-------- Input data

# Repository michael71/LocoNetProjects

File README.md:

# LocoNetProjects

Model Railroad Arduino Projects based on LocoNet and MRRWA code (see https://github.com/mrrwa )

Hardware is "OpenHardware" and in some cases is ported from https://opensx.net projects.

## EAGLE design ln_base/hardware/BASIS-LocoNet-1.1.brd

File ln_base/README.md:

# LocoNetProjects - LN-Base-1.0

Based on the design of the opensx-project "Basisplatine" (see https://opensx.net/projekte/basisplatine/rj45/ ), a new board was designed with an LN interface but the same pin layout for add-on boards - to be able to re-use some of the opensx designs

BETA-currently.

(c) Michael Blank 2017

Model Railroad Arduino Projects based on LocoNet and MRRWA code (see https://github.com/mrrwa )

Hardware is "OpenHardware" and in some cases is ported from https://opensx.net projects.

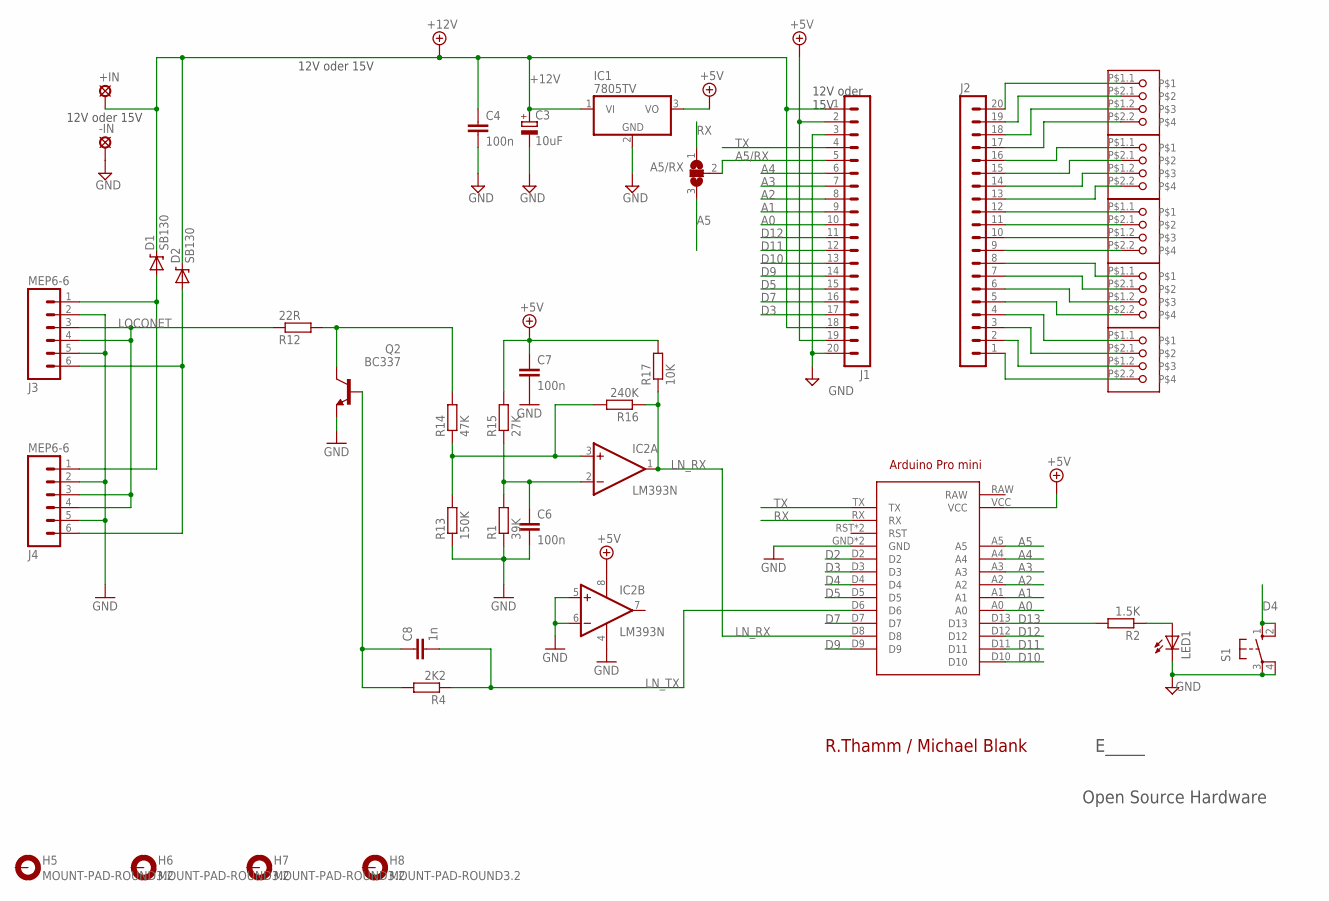
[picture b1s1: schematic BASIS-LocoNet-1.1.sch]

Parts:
+IN: LSP13
-IN: LSP13
A5/RX: SJ2W; SJ_2
ARDUINO2: ArduinoProMini_5V; ARDUINO_PRO_MINI
C3: 10uF; E2,5-7
C4: 100n; C050-025X075
C6, C7: 100n; C025-025X050
C8: 1n; C025-025X050
D1, D2: SB130; DIODE-ZENER
H5, H6, H7, H8: MOUNT-PAD-ROUND3.2; 3,2-PAD
IC1: 7805TV; TO220V
IC2: LM393N; DIL08
J1, J2: MA20-1
J3, J4: MEP6-6; RJ11-6
LED1: LED3MM
Q2: BC337; TO92
R1: 39K; 0207/10
R2: 1.5K; 0207/10
R4: 2K2; 0207/10
R12: 22R; 0207/10
R13: 150K; 0207/10
R14: 47K; 0207/10
R15: 27K; 0207/10
R16: 240K; 0207/10
R17: 10K; 0207/10
S1: 10-XX; B3F-10XX
U$1, U$2, U$3, U$4, U$5: AKL093-06

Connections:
+5V: ARDUINO2.VCC, C7.1, IC1.3 (VO), IC2.8 (V+), J1.2, J1.19, R15.2, R17.2
+12V: +IN.MP, C3.+, C4.1, D1.P$1 (C), D2.P$1 (C), IC1.1 (VI), J1.1, J1.18
A0: ARDUINO2.A0, J1.10
A1: ARDUINO2.A1, J1.9
A2: ARDUINO2.A2, J1.8
A3: ARDUINO2.A3, J1.7
A4: ARDUINO2.A4, J1.6
A5: A5/RX.3, ARDUINO2.A5
A5/RX: A5/RX.2, J1.5
D2: ARDUINO2.D2
D3: ARDUINO2.D3, J1.17
D4: ARDUINO2.D4, S1.1 (S), S1.2 (S1)
D5: ARDUINO2.D5, J1.15
D7: ARDUINO2.D7, J1.16
D9: ARDUINO2.D9, J1.14
D10: ARDUINO2.D10, J1.13
D11: ARDUINO2.D11, J1.12
D12: ARDUINO2.D12, J1.11
D13: ARDUINO2.D13, R2.2
GND: -IN.MP, ARDUINO2.GND, ARDUINO2.GND@1 (GND), C3.-, C4.2, C6.2, C7.2, IC1.2 (GND), IC2.4 (V-), IC2.5 (+IN), IC2.6 (-IN), J1.3, J1.20, J3.2, J3.5, J4.2, J4.5, LED1.K (C), Q2.1 (E), R1.1, R13.1, S1.3, S1.4 (P1)
LN_RX: ARDUINO2.D8, IC2.1 (OUT), R16.1, R17.1
LN_TX: ARDUINO2.D6, C8.2, R4.1
LOCONET: J3.3, J3.4, J4.3, J4.4, R12.1
unnamed: LED1.A, R2.1
unnamed: J2.1, U$4.P$2.2
unnamed: J2.2, U$4.P$1.2
unnamed: J2.3, U$4.P$2.1
unnamed: J2.4, U$4.P$1.1
unnamed: J2.5, U$3.P$2.2
unnamed: J2.6, U$3.P$1.2
unnamed: J2.7, U$3.P$2.1
unnamed: J2.8, U$3.P$1.1
unnamed: J2.9, U$1.P$2.2
unnamed: J2.10, U$1.P$1.2
unnamed: J2.11, U$1.P$2.1
unnamed: J2.12, U$1.P$1.1
unnamed: J2.13, U$2.P$2.2
unnamed: J2.14, U$2.P$1.2
unnamed: J2.15, U$2.P$2.1
unnamed: J2.16, U$2.P$1.1
unnamed: J2.17, U$5.P$2.2
unnamed: J2.18, U$5.P$1.2
unnamed: J2.19, U$5.P$2.1
unnamed: J2.20, U$5.P$1.1
unnamed: D1.P$2 (A), J3.1, J4.1
unnamed: C6.1, IC2.2 (-IN), R1.2, R15.1
unnamed: C8.1, Q2.2 (B), R4.2
unnamed: IC2.3 (+IN), R13.2, R14.1, R16.2
unnamed: Q2.3 (C), R12.2, R14.2
unnamed: D2.P$2 (A), J3.6, J4.6
RX: A5/RX.1, ARDUINO2.RX
TX: ARDUINO2.TX, J1.4

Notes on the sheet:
R.Thamm / Michael Blank
Open Source Hardware
E_____
12V oder 15V
12V oder 15V

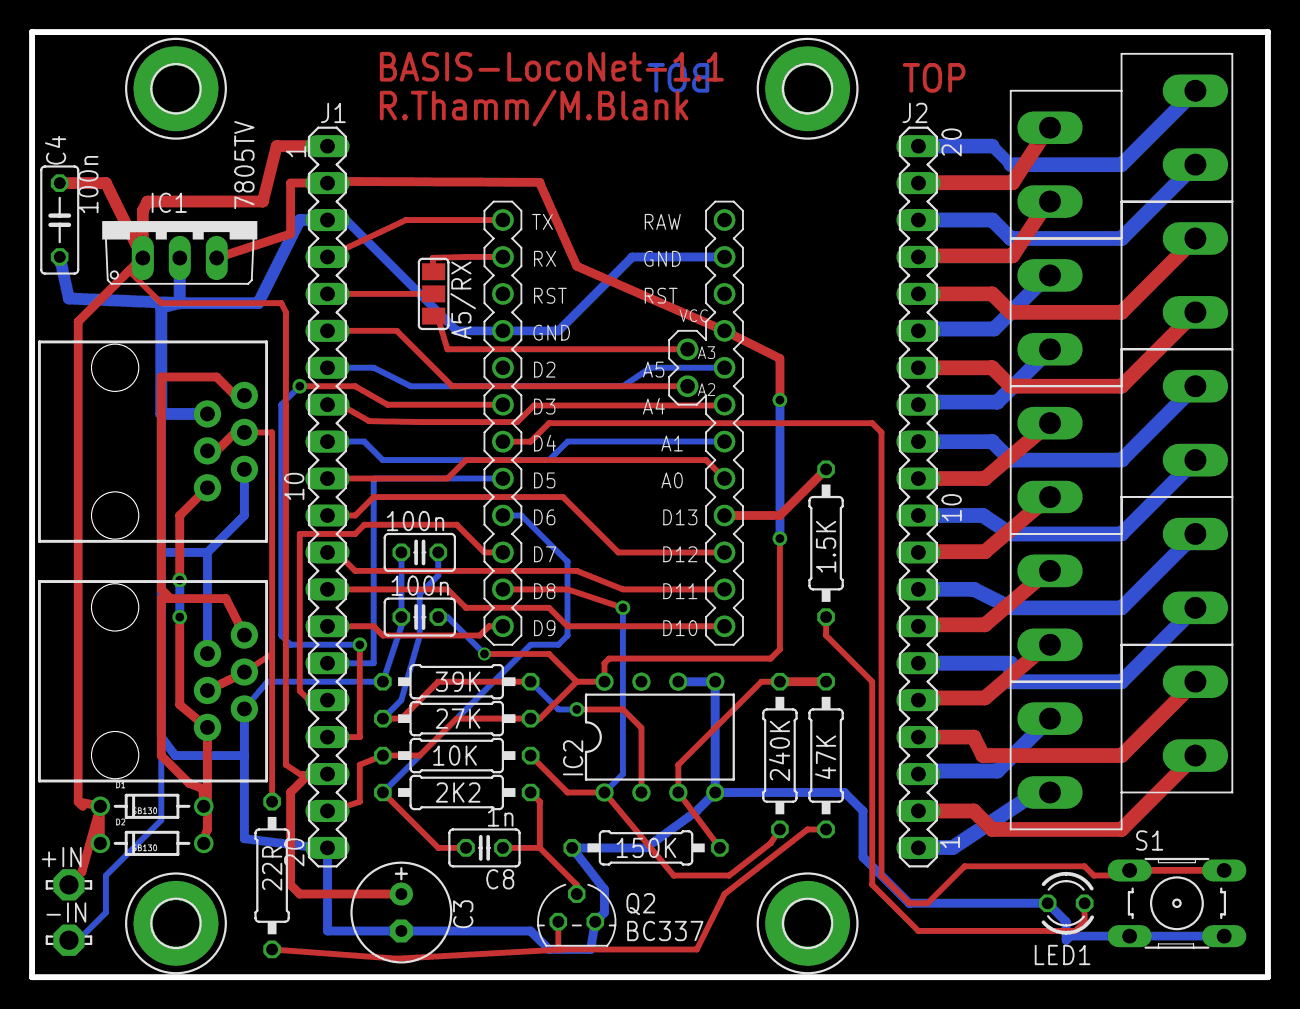
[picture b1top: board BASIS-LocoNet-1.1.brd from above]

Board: 2 copper layers, 85.0 x 65.0 mm, 38 parts (0 on the bottom side), 51 nets.

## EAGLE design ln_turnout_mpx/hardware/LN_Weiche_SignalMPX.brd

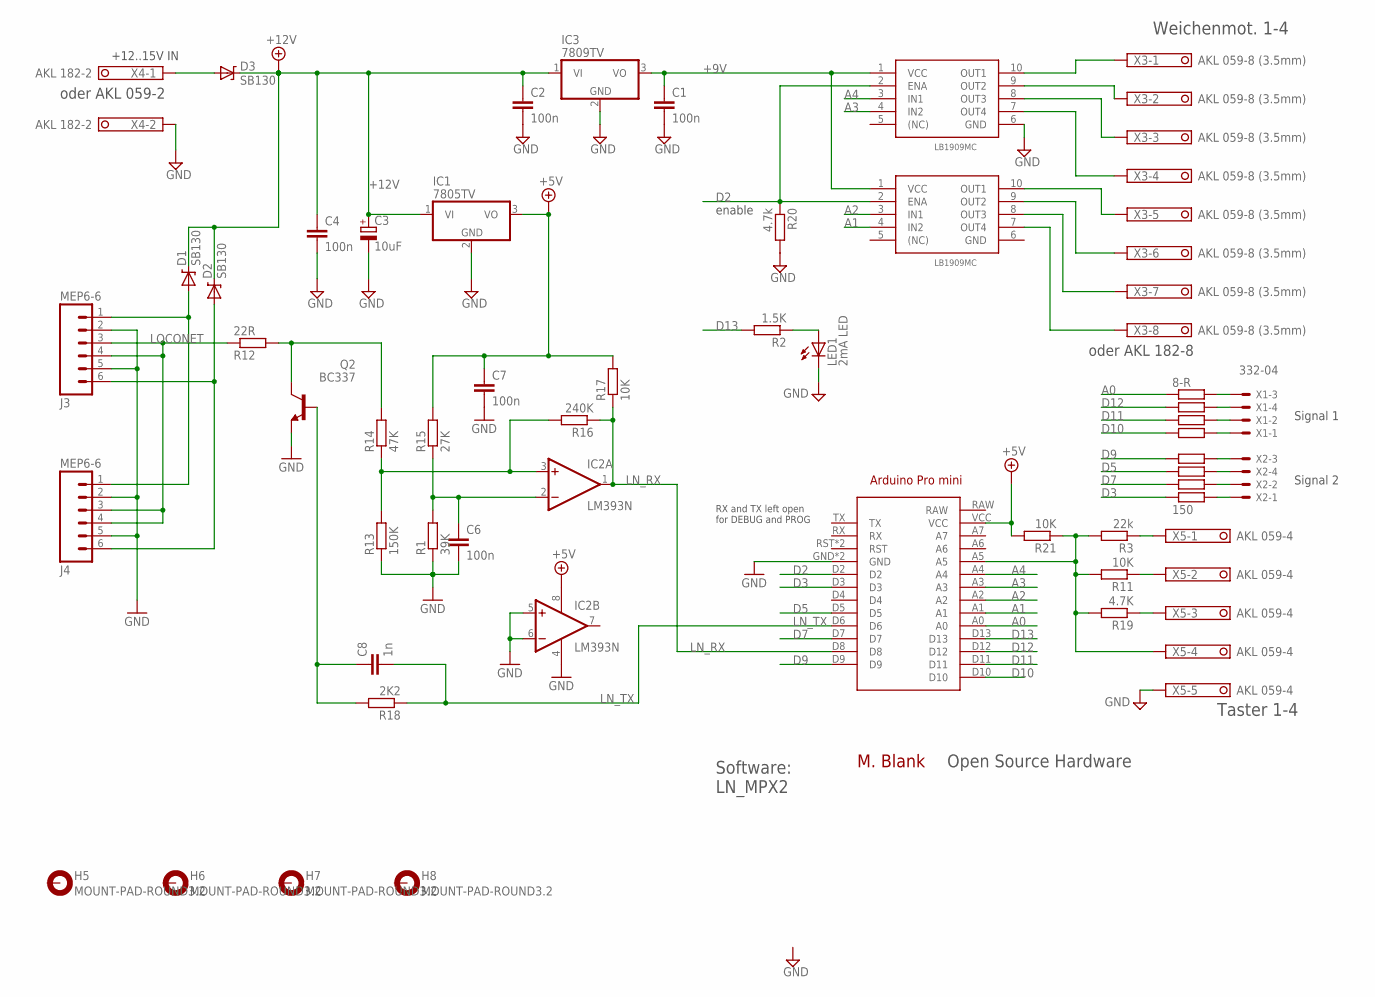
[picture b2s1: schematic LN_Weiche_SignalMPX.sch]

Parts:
8-R: 150; 0207/10
ARDUINO1: ARDUINO_PRO_MINI
C1, C2, C4, C6, C7: 100n; C050-025X075
C3: 10uF; E2,5-7
C8: 1n; C025-025X050
D1, D2, D3: SB130; DIODE-ZENER
H5, H6, H7, H8: MOUNT-PAD-ROUND3.2; 3,2-PAD
IC1: 7805TV; TO220V
IC2: LM393N; DIL08
IC3: 7809TV; TO220V
J3, J4: MEP6-6; RJ11-6
LB1909MC-1, LB1909MC-2: LB1909MC; MSOIC10-1MM
LED1: 2mA LED; LED3MM
Q2: BC337; TO92
R1: 39K; 0207/10
R2: 1.5K; 0207/10
R3: 22k; 0207/10
R4, R5, R6, R7, R8, R9, R10: 150; 0207/10
R11, R17, R21: 10K; 0207/10
R12: 22R; 0207/10
R13: 150K; 0207/10
R14: 47K; 0207/10
R15: 27K; 0207/10
R16: 240K; 0207/10
R18: 2K2; 0207/10
R19: 4.7K; 0207/10
R20: 4.7k; 0207/10
X1, X2: 332-04
X3: AKL 059-8 (3.5mm); 1751303
X4: AKL 182-2; 1751248
X5: AKL 059-4; 1751277

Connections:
+5V: ARDUINO1.VCC, C7.1, IC1.3 (VO), IC2.8 (V+), R15.2, R17.2, R21.2
+9V: C1.1, IC3.3 (VO), LB1909MC-1.1 (VCC), LB1909MC-2.1 (VCC)
+12V: C2.1, C3.+, C4.1, D1.P$1 (C), D2.P$1 (C), D3.P$1 (C), IC1.1 (VI), IC3.1 (VI)
A0: 8-R.1, ARDUINO1.A0
A1: ARDUINO1.A1, LB1909MC-2.4 (IN2)
A2: ARDUINO1.A2, LB1909MC-2.3 (IN1)
A3: ARDUINO1.A3, LB1909MC-1.4 (IN2)
A4: ARDUINO1.A4, LB1909MC-1.3 (IN1)
D2: ARDUINO1.D2, LB1909MC-1.2 (ENA), LB1909MC-2.2 (ENA), R20.1
D3: ARDUINO1.D3, R10.1
D5: ARDUINO1.D5, R8.1
D7: ARDUINO1.D7, R9.1
D9: ARDUINO1.D9, R7.1
D10: ARDUINO1.D10, R6.1
D11: ARDUINO1.D11, R5.1
D12: ARDUINO1.D12, R4.1
D13: ARDUINO1.D13, R2.2
GND: ARDUINO1.GND, ARDUINO1.GND@1 (GND), C1.2, C2.2, C3.-, C4.2, C6.2, C7.2, IC1.2 (GND), IC2.4 (V-), IC2.5 (+IN), IC2.6 (-IN), IC3.2 (GND), J3.2, J3.5, J4.2, J4.5, LB1909MC-1.6 (GND), LB1909MC-2.6 (GND), LED1.K (C), Q2.1 (E), R1.1, R13.1, R20.2, X4.2, X5.5
LN_RX: ARDUINO1.D8, IC2.1 (OUT), R16.1, R17.1
LN_TX: ARDUINO1.D6, C8.2, R18.1
LOCONET: J3.3, J3.4, J4.3, J4.4, R12.1
unnamed: LED1.A, R2.1
unnamed: LB1909MC-1.10 (OUT1), X3.1
unnamed: LB1909MC-1.9 (OUT2), X3.2
unnamed: LB1909MC-1.8 (OUT3), X3.3
unnamed: LB1909MC-1.7 (OUT4), X3.4
unnamed: 8-R.2, X1.3
unnamed: R4.2, X1.4
unnamed: R5.2, X1.2
unnamed: R6.2, X1.1
unnamed: D3.P$2 (A), X4.1
unnamed: R7.2, X2.3
unnamed: R8.2, X2.4
unnamed: R9.2, X2.2
unnamed: R10.2, X2.1
unnamed: LB1909MC-2.10 (OUT1), X3.5
unnamed: LB1909MC-2.9 (OUT2), X3.6
unnamed: LB1909MC-2.8 (OUT3), X3.7
unnamed: LB1909MC-2.7 (OUT4), X3.8
unnamed: ARDUINO1.A5, R3.2, R11.2, R19.2, R21.1, X5.4
unnamed: R3.1, X5.1
unnamed: R11.1, X5.2
unnamed: R19.1, X5.3
unnamed: D1.P$2 (A), J3.1, J4.1
unnamed: C6.1, IC2.2 (-IN), R1.2, R15.1
unnamed: C8.1, Q2.2 (B), R18.2
unnamed: IC2.3 (+IN), R13.2, R14.1, R16.2
unnamed: Q2.3 (C), R12.2, R14.2
unnamed: D2.P$2 (A), J3.6, J4.6

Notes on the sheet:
M. Blank
Open Source Hardware
Signal 1
+12..15V IN
Signal 2
Weichenmot. 1-4
Taster 1-4
oder AKL 059-2
oder AKL 182-8
RX and TX left open for DEBUG and PROG
enable
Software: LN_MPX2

----------------

■ Task goal
Lines above that contain the string "oder" make up the answer.

■ Output below
12V oder 15V
12V oder 15V
oder AKL 059-2
oder AKL 182-8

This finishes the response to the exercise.